# 3D Printing > 3D Printer Parts, Filament & Materials >  Best plastic for gears, splines, etc?

## jeffmorris

What is the best plastic for gears, splines, etc? I wish to make robot parts that use servos. For example, EZ-Robot JD humanoid robot.

----------


## 3dex ltd

Well, we use a lot of Nylon for printing parts such as gears. Its tough and doesn't crack or wear so easily. 

However, if you don't want to print with Nylon then you could always try standard ABS because this is unlikely to crack or wear (but could deform) 

But if you're parts won't be experiencing much force then even PLA might be suitable. 

Hope this helps.

----------


## jeffmorris

What about Polymaker PolyMax? It's expensive but as strong as ABS. I'm in USA.

----------


## 3dex ltd

Yes PolyMax would certainly do the trick. However, since it is a derivative of PLA it may still maintain some PLA type features such as being rather inflexible. However, the best way would be to jump in a try it. The beauty of 3D printing is that you can create a test prototypes very quickly!

----------


## jeffmorris

What about this filament? 

http://www.amazon.com/Printer-Filame...5%3A2470955011

----------


## curious aardvark

Modern pla is NOT brittle - sheesh, where do people keep getting this crap from ? 
It is stiffer than abs, but it's not brittle. If you hit it with a hammer it dents, it does not shatter. 

Anyway polymax is ideal, stronger and tougher than abs in all aspects. 
personally I'd try the polyplus first - that;s pretty good too.

But unless your gears are going to get warm, then normal pla should be fine. 

As far as any taulman nylon goes - good luck :-) 
I've never come close to getting a decent print from any taulman filament. 
And given that pet and polycarbonate are both cheaper than taulman nylon _(which comes on weird little reels with tiny holes that don't fit most peoples reel holders)_ and much easier to print with. 

These days nylon would always be a last ditch filament for me. Unless I could afford the MyMat stuff.

----------


## jeffmorris

WOW! $50 for Polymaker Polymax on 0.75 KG spools! I ordered black and white Polymax but I want it save it for the best projects. I can't afford to waste Polymax on supports. I'm not sure if I can use cheap PLA filament for supports.

----------


## Davo

PEEK would last longer.

----------


## Sebastian Finke

> Modern pla is NOT brittle - sheesh, where do people keep getting this crap from ? 
> It is stiffer than abs, but it's not brittle. If you hit it with a hammer it dents, it does not shatter.


It would be more accurate to say it is more brittle than ABS. That doesn't necessarily mean it will crumble when dropped. PLA biggest downfall (in my opinion) is its very lower glass point. It'll reach creep temperature on your average hot day here in Africa.
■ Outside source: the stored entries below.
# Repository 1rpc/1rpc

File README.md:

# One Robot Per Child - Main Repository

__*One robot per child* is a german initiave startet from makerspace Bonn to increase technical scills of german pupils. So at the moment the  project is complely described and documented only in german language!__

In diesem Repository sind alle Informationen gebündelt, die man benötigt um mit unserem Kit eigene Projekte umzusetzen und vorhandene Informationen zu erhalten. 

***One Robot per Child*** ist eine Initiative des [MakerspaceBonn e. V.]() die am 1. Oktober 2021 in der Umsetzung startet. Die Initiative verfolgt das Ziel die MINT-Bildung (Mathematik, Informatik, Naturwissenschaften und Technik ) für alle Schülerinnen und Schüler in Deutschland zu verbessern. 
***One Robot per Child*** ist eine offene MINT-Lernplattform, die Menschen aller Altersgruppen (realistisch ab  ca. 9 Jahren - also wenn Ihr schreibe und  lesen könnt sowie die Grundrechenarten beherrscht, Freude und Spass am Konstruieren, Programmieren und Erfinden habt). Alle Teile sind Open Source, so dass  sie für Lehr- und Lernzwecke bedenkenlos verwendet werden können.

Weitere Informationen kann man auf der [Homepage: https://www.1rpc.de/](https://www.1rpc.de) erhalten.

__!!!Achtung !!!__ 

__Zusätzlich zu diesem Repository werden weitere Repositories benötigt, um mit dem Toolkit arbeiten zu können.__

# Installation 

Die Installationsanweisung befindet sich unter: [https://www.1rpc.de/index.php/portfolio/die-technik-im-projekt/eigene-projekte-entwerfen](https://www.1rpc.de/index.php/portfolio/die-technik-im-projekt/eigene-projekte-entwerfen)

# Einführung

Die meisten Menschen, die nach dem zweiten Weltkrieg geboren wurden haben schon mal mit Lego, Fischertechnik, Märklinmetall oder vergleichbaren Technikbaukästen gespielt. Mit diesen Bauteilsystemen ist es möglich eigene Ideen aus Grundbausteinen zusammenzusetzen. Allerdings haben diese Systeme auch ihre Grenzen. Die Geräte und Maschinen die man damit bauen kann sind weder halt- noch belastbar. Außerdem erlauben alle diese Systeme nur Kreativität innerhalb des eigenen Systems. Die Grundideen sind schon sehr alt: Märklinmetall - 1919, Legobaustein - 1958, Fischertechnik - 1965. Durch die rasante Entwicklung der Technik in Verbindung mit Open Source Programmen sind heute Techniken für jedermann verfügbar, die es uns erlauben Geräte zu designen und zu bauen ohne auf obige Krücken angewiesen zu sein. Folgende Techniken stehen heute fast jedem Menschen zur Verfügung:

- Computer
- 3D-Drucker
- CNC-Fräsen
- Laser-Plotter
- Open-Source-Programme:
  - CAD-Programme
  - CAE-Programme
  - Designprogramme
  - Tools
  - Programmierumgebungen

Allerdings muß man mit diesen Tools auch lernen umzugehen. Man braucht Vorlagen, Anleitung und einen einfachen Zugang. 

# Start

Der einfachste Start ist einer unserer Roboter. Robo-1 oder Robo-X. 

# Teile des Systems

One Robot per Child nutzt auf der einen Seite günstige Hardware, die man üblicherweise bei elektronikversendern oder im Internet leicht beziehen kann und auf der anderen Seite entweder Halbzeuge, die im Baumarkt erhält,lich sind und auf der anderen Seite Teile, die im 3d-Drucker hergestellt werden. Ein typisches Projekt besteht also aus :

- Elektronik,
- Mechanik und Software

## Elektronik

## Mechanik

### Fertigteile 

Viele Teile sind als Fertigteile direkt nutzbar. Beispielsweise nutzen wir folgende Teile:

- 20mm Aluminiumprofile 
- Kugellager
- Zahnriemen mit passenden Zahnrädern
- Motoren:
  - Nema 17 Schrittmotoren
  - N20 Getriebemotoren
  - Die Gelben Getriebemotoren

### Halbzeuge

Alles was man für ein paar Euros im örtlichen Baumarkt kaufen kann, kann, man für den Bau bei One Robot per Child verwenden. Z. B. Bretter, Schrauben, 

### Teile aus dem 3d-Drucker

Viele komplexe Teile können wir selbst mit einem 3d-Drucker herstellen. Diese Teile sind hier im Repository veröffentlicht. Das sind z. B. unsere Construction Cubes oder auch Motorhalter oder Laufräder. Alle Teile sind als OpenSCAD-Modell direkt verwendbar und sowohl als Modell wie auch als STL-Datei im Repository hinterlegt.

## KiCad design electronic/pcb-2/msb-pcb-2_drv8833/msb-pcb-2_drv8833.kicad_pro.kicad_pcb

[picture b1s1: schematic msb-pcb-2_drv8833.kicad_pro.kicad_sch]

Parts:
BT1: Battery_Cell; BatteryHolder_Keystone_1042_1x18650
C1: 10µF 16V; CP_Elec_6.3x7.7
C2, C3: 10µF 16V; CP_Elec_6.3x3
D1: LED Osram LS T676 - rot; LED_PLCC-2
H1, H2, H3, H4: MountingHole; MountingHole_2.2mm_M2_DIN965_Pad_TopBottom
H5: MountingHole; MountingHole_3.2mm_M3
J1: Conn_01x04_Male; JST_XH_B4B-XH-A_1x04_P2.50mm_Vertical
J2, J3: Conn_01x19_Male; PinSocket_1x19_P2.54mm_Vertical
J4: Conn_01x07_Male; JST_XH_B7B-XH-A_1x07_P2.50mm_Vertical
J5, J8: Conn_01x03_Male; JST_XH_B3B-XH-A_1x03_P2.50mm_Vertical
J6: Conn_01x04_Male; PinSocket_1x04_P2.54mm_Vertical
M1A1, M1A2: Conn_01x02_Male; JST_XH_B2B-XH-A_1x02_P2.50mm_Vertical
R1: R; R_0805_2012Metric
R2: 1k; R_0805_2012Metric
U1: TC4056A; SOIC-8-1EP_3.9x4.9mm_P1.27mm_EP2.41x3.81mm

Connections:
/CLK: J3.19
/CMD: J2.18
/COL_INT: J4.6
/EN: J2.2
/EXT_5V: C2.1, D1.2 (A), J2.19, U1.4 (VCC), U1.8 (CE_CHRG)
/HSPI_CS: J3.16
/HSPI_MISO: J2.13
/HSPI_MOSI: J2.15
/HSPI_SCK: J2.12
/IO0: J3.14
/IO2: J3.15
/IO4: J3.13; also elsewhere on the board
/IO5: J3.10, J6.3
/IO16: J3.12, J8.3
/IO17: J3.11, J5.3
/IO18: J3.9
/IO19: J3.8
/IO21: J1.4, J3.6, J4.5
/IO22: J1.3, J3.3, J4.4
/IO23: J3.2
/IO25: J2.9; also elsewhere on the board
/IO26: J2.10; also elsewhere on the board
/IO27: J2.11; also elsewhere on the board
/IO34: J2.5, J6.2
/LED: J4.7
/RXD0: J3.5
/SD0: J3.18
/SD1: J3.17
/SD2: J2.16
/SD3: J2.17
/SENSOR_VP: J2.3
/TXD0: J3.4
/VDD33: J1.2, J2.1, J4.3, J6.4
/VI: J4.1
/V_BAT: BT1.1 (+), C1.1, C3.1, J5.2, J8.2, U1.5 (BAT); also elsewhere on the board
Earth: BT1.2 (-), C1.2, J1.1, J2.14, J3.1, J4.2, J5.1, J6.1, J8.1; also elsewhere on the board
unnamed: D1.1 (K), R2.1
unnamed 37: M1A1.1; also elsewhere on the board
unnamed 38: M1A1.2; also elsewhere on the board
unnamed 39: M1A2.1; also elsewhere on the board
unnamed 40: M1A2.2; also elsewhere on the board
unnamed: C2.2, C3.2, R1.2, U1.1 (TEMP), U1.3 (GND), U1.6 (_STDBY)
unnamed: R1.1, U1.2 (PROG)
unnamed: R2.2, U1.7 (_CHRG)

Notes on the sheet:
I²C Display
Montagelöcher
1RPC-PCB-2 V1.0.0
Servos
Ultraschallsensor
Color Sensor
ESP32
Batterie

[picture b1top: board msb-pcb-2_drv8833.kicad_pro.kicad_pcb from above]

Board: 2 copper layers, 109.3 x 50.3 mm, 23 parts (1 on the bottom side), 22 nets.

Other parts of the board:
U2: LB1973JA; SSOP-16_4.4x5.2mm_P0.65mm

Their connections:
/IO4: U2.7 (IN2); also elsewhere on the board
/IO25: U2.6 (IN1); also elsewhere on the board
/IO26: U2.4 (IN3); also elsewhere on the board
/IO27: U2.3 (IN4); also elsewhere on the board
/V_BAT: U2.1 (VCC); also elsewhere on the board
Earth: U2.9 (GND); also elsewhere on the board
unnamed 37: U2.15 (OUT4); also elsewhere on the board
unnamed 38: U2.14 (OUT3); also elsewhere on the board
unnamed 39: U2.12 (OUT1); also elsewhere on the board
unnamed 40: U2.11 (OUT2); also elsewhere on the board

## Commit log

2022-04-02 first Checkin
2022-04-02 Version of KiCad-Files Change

Two other things that I personally don't like is that it doesn't sand as easily i.e. requires more elbow grease and that it can't be cold-welded. That, however, certainly doesn't make it a lesser material.

For the sake of the OP project I believe this needs to be approached completely differently. No load studies have been done so every suggestion so far is a shot in the dark, Perhaps the OP should find out the conditions of operation first. For example, if the robot is operating at a temp higher than 50C then PLA wouldn't be suitable. Then I would go ABS. If it operates in high humidity then nylon isn't recommended due to its moisture absorbtion rate (9%). If the robot is more of a project then PLA should fine. But first define the conditions.

----------


## LambdaFF

> But first define the conditions.


Spoken like a true engineer. +1

----------


## curious aardvark

lol and where does he live :-) 

The only way to hit 50c in the uk is in an oven. 

Might be worth trying polycarbonate or pet though. Both cheaper than polymax and with better stats than abs.

----------


## jeffmorris

I have been 3D printing a model of a subway car using PolyMax. PolyMax sticks very well to BuildTak. Heating the build platform before removing parts usually work. I need some water-dissolving filament that is compatible with PLA.

----------


## cjalas

As others have said, you can't go wrong with Nylon (http://www.amazon.com/gp/product/B00BGWRYIW).

Or if you're feeling adventurous, give PLA+PHA a try. It's supposed to be stronger than PLA alone (more flexibility) but still uses the same temps as PLA and is biodegradable still.

http://www.amazon.com/gp/product/B010L13CHU

----------